And I use 'uname -a' the kernel have SMP, but how to change to "Hugemem" kernel in rhel6.Thank!
On fc12(kernel:2.6.32),there is a rpm package called kernel-PAE ,when the system has no PAE ,the recognized total memory is 4GB,after install kernel-PAE the recognized total memory is 32GB.
Compile kernel on rhel6(kernel:2.6.32) cannot produce package kernel-PAE,but rhel6 has a PAE enabled kernel by default,and now the recognized total memory is 16GB,why,(I know the PAE is integrated in kernel ,or the recognized total memory will be 4GB), why it is not 32GB.
32 bit PAE gives the kernel the physical ability to use up to 64GB of ram but ...
Linux normally divides the 4GB virtual address space into 3GB user mode and 1GB kernel mode. Linux needs to keep some data about each 4KB chunk of physical ram and it needs to keep all that data in kernel virtual memory.

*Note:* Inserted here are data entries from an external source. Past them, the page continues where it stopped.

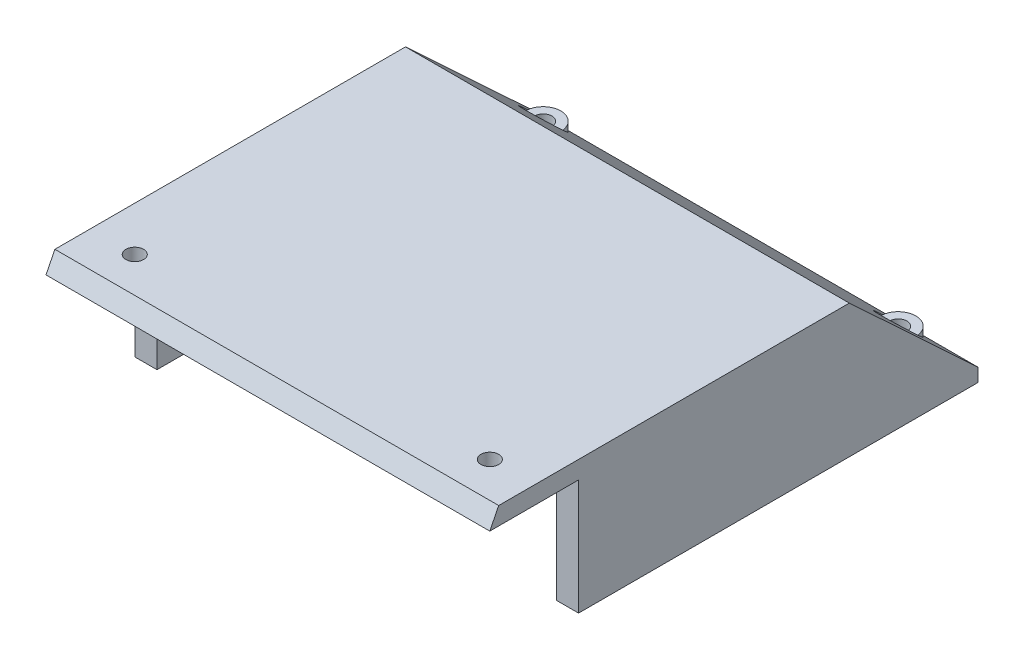
from build123d import *

# Parameters (mm, degrees)
BOSS_EXTRUDE1_DEPTH      = 3
BOSS_EXTRUDE2_DEPTH      = 3
SKETCH3_W                = 100
SKETCH3_H                = 4
BOSS_EXTRUDE3_DEPTH      = 20
CUT_EXTRUDE1_DEPTH       = 106
BOSS_EXTRUDE4_DEPTH      = 58
SKETCH6_W                = 100
SKETCH6_H                = 39.623225513
BOSS_EXTRUDE5_DEPTH      = 3
BOSS_EXTRUDE6_REACH      = 101.805
SKETCH7_W                = 4
SKETCH7_H                = 22.901045637
SKETCH10_R               = 2
CUT_EXTRUDE3_DEPTH       = 10
BOSS_EXTRUDE8_REACH      = 89.321
SKETCH12_R               = 2
CUT_EXTRUDE4_DEPTH       = 88.321245983
SKETCH13_W               = 90
SKETCH13_H               = 7
CUT_EXTRUDE5_DEPTH       = 3
CUT_EXTRUDE6_START       = -21
SKETCH15_R               = 4
SKETCH15_R_2             = 2
CUT_EXTRUDE6_DEPTH       = 21
BOSS_EXTRUDE9_DEPTH      = 1
BOSS_EXTRUDE9_DEPTH_BACK = 3
SKETCH16_R               = 4
SKETCH16_R_2             = 2
SKETCH17_W               = 83
SKETCH17_H               = 48.5
SKETCH17_W_2             = 77
SKETCH17_H_2             = 42.5
BOSS_EXTRUDE10_DEPTH     = 5


with BuildPart() as part:
    # Sketch1 → Boss-Extrude1 (new body)
    with BuildSketch(Plane(origin=(0, 0, 0), x_dir=(1, 0, 0), z_dir=(0, 1, 0))):
        Polygon((-50, 45), (50, 45), (50, -45), (45, -45), (45, 40), (-45, 40), (-45, -45), (-50, -45), align=None)
    extrude(amount=BOSS_EXTRUDE1_DEPTH)

    # Sketch2 → Boss-Extrude2 (add)
    with BuildSketch(Plane.XY.offset(45)):
        Polygon((-50, 3), (-50, 30), (50, 30), (50, 3), (45, 3), (45, 23), (-45, 23), (-45, 3), align=None)
    extrude(amount=-BOSS_EXTRUDE2_DEPTH)

    # Sketch3 → Boss-Extrude3 (add)
    with BuildSketch(Plane.XY.offset(45)):
        with Locations((0, 28)):
            Rectangle(SKETCH3_W, SKETCH3_H)
    extrude(amount=BOSS_EXTRUDE3_DEPTH)

    # Sketch4 → Cut-Extrude1 (cut)
    with BuildSketch(Plane(origin=(50, 0, 0), x_dir=(0, 0, -1), z_dir=(1, 0, 0))):
        Polygon((-65, 26), (-65, 30), (-63, 30), align=None)
    extrude(amount=-CUT_EXTRUDE1_DEPTH, mode=Mode.SUBTRACT)

    # Sketch5 → Boss-Extrude4 (add)
    with BuildSketch(Plane(origin=(0, 0, 42), x_dir=(-1, 0, 0), z_dir=(0, 0, -1))):
        Polygon((-50, 3), (-46, 3), (-46, 27), (46, 27), (46, 3), (50, 3), (50, 30), (-50, 30), align=None)
    extrude(amount=BOSS_EXTRUDE4_DEPTH)

    # Sketch6 → Boss-Extrude5 (add)
    with BuildSketch(Plane(origin=(0, 24.049681529, -22.391082803), x_dir=(-1, 0, 0), z_dir=(0, -0.7318939744313501, 0.6814185279188426))):
        with Locations((0, 11.07936051)):
            Rectangle(SKETCH6_W, SKETCH6_H)
    extrude(amount=BOSS_EXTRUDE5_DEPTH)

    # Sketch7 → Boss-Extrude6 (add, up to next)
    with BuildSketch(Plane(origin=(0, 0, -16), x_dir=(-1, 0, 0), z_dir=(0, 0, -1)), mode=Mode.PRIVATE) as boss_extrude6_sk1:
        with Locations((-48, 14.450522819)):
            Rectangle(SKETCH7_W, SKETCH7_H)
    boss_extrude6_tool1 = extrude(boss_extrude6_sk1.sketch, amount=BOSS_EXTRUDE6_REACH, mode=Mode.PRIVATE) - part.part
    # Sketch7 → Boss-Extrude6 (add, up to next)
    with BuildSketch(Plane(origin=(0, 0, -16), x_dir=(-1, 0, 0), z_dir=(0, 0, -1)), mode=Mode.PRIVATE) as boss_extrude6_sk2:
        with Locations((48, 14.450522819)):
            Rectangle(SKETCH7_W, SKETCH7_H)
    boss_extrude6_tool2 = extrude(boss_extrude6_sk2.sketch, amount=BOSS_EXTRUDE6_REACH, mode=Mode.PRIVATE) - part.part
    add(boss_extrude6_tool1.solids().sort_by_distance((48, 14.450523, -16))[0])
    add(boss_extrude6_tool2.solids().sort_by_distance((-48, 14.450523, -16))[0])

    # Sketch10 → Cut-Extrude3 (cut)
    with BuildSketch(Plane(origin=(0, 30, 0), x_dir=(1, 0, 0), z_dir=(0, 1, 0))):
        with Locations(Location((40, -55, 0), (0, 0, 180))):
            Circle(SKETCH10_R)
        with Locations(Location((-40, -55, 0), (0, 0, 180))):
            Circle(SKETCH10_R)
    extrude(amount=-CUT_EXTRUDE3_DEPTH, mode=Mode.SUBTRACT)

    # Boss-Extrude8: up to this plane
    boss_extrude8_end = Plane(origin=(0, 21.853999605, -20.346827219), z_dir=(0, -0.7318939744313501, 0.6814185279188426))
    # Sketch11 → Boss-Extrude8 (add, up to the surface)
    with BuildSketch(Plane.XZ, mode=Mode.PRIVATE) as boss_extrude8_sk1:
        with BuildLine():
            Line((-40, -33), (-48.829023615, -33))
            Line((-48.829023615, -33), (-48.829023615, -41))
            Line((-48.829023615, -41), (-40, -41))
            ThreePointArc((-40, -41), (-36, -37), (-40, -33))
        make_face()
    boss_extrude8_tool1 = split(extrude(boss_extrude8_sk1.sketch, amount=-BOSS_EXTRUDE8_REACH, mode=Mode.PRIVATE), bisect_by=boss_extrude8_end, keep=Keep.BOTH, mode=Mode.PRIVATE)
    add(boss_extrude8_tool1.solids().sort_by_distance((-42.810423, 0, -37))[0])
    # Sketch11 → Boss-Extrude8 (add, up to the surface)
    with BuildSketch(Plane.XZ, mode=Mode.PRIVATE) as boss_extrude8_sk2:
        with BuildLine():
            Line((40, -33), (48.614584002, -33))
            Line((48.614584002, -33), (48.614584002, -41))
            Line((48.614584002, -41), (40, -41))
            ThreePointArc((40, -41), (36, -37), (40, -33))
        make_face()
    boss_extrude8_tool2 = split(extrude(boss_extrude8_sk2.sketch, amount=-BOSS_EXTRUDE8_REACH, mode=Mode.PRIVATE), bisect_by=boss_extrude8_end, keep=Keep.BOTH, mode=Mode.PRIVATE)
    add(boss_extrude8_tool2.solids().sort_by_distance((42.702596, 0, -37))[0])

    # Sketch12 → Cut-Extrude4 (cut, through all)
    with BuildSketch(Plane.XZ):
        with Locations(Location((-40, -37, 0), (0, 0, 270))):
            Circle(SKETCH12_R)
        with Locations(Location((40, -37, 0), (0, 0, 270))):
            Circle(SKETCH12_R)
    extrude(amount=-CUT_EXTRUDE4_DEPTH, mode=Mode.SUBTRACT)

    # Sketch13 → Cut-Extrude5 (cut)
    with BuildSketch(Plane.XZ):
        with Locations((0, -36.5)):
            Rectangle(SKETCH13_W, SKETCH13_H)
    extrude(amount=-CUT_EXTRUDE5_DEPTH, mode=Mode.SUBTRACT)

    # Sketch15 → Cut-Extrude6 (cut)
    # profile 1 of 2: a face of its own
    with BuildSketch(Plane(origin=(0, 30, 0), x_dir=(1, 0, 0), z_dir=(0, 1, 0)).offset(CUT_EXTRUDE6_START)):
        with Locations((-40, 37)):
            Circle(SKETCH15_R)
        with Locations(Location((-40, 37, 0), (0, 0, 90))):
            Circle(SKETCH15_R_2, mode=Mode.SUBTRACT)
    # profile 2 of 2: a face of its own
    with BuildSketch(Plane(origin=(0, 30, 0), x_dir=(1, 0, 0), z_dir=(0, 1, 0)).offset(CUT_EXTRUDE6_START)):
        with Locations((40, 37)):
            Circle(SKETCH15_R)
        with Locations(Location((40, 37, 0), (0, 0, 90))):
            Circle(SKETCH15_R_2, mode=Mode.SUBTRACT)
    extrude(amount=CUT_EXTRUDE6_DEPTH, mode=Mode.SUBTRACT)

    # Sketch16 → Boss-Extrude9 (add, two sides: drawn at the far end of the back side and taken through both)
    # profile 1 of 2: a face of its own
    with BuildSketch(Plane(origin=(0, 9, 0), x_dir=(1, 0, 0), z_dir=(0, 1, 0)).offset(-BOSS_EXTRUDE9_DEPTH_BACK)):
        with Locations((-40, 37)):
            Circle(SKETCH16_R)
        with Locations(Location((-40, 37, 0), (0, 0, 90))):
            Circle(SKETCH16_R_2, mode=Mode.SUBTRACT)
    # profile 2 of 2: a face of its own
    with BuildSketch(Plane(origin=(0, 9, 0), x_dir=(1, 0, 0), z_dir=(0, 1, 0)).offset(-BOSS_EXTRUDE9_DEPTH_BACK)):
        with Locations((40, 37)):
            Circle(SKETCH16_R)
        with Locations(Location((40, 37, 0), (0, 0, 90))):
            Circle(SKETCH16_R_2, mode=Mode.SUBTRACT)
    extrude(amount=BOSS_EXTRUDE9_DEPTH + BOSS_EXTRUDE9_DEPTH_BACK)

    # Sketch17 → Boss-Extrude10 (add)
    with BuildSketch(Plane.XZ.offset(-27)):
        with Locations((0, 9.534179837)):
            Rectangle(SKETCH17_W, SKETCH17_H)
        with Locations((0, 9.534179837)):
            Rectangle(SKETCH17_W_2, SKETCH17_H_2, mode=Mode.SUBTRACT)
    extrude(amount=BOSS_EXTRUDE10_DEPTH)


solid = part.part

With too much physical memory, your 1GB of kernel virtual memory would be full and the system won't work.
There are many details I don't understand. Versions of the kernel might vary significantly in how space efficiently they store physical ram control data. They may also vary in how optimistic/pessimistic they are in expecting other demands on kernel virtual memory to vary with the amount of physical memory (more physical memory means more processes in memory at once and more files open, etc. meaning more demands on kernel virtual memory).
There is a kernel build option that reduces user virtual memory to 2GB in order to increase kernel virtual memory to 2GB, which ought to more than double the amount of physical ram the kernel can manage. That should be fairly problem free as long as none of your processes need more than 2GB virtual user mode memory.
Hugemem was an option to separate the virtual address space so the kernel has 4GB and user mode also has 4GB. That was an ugly kludge, far worse than switching to 64 bit. I don't know if it is usable by rebuilding a newer kernel or whether it is more seriously obsolete.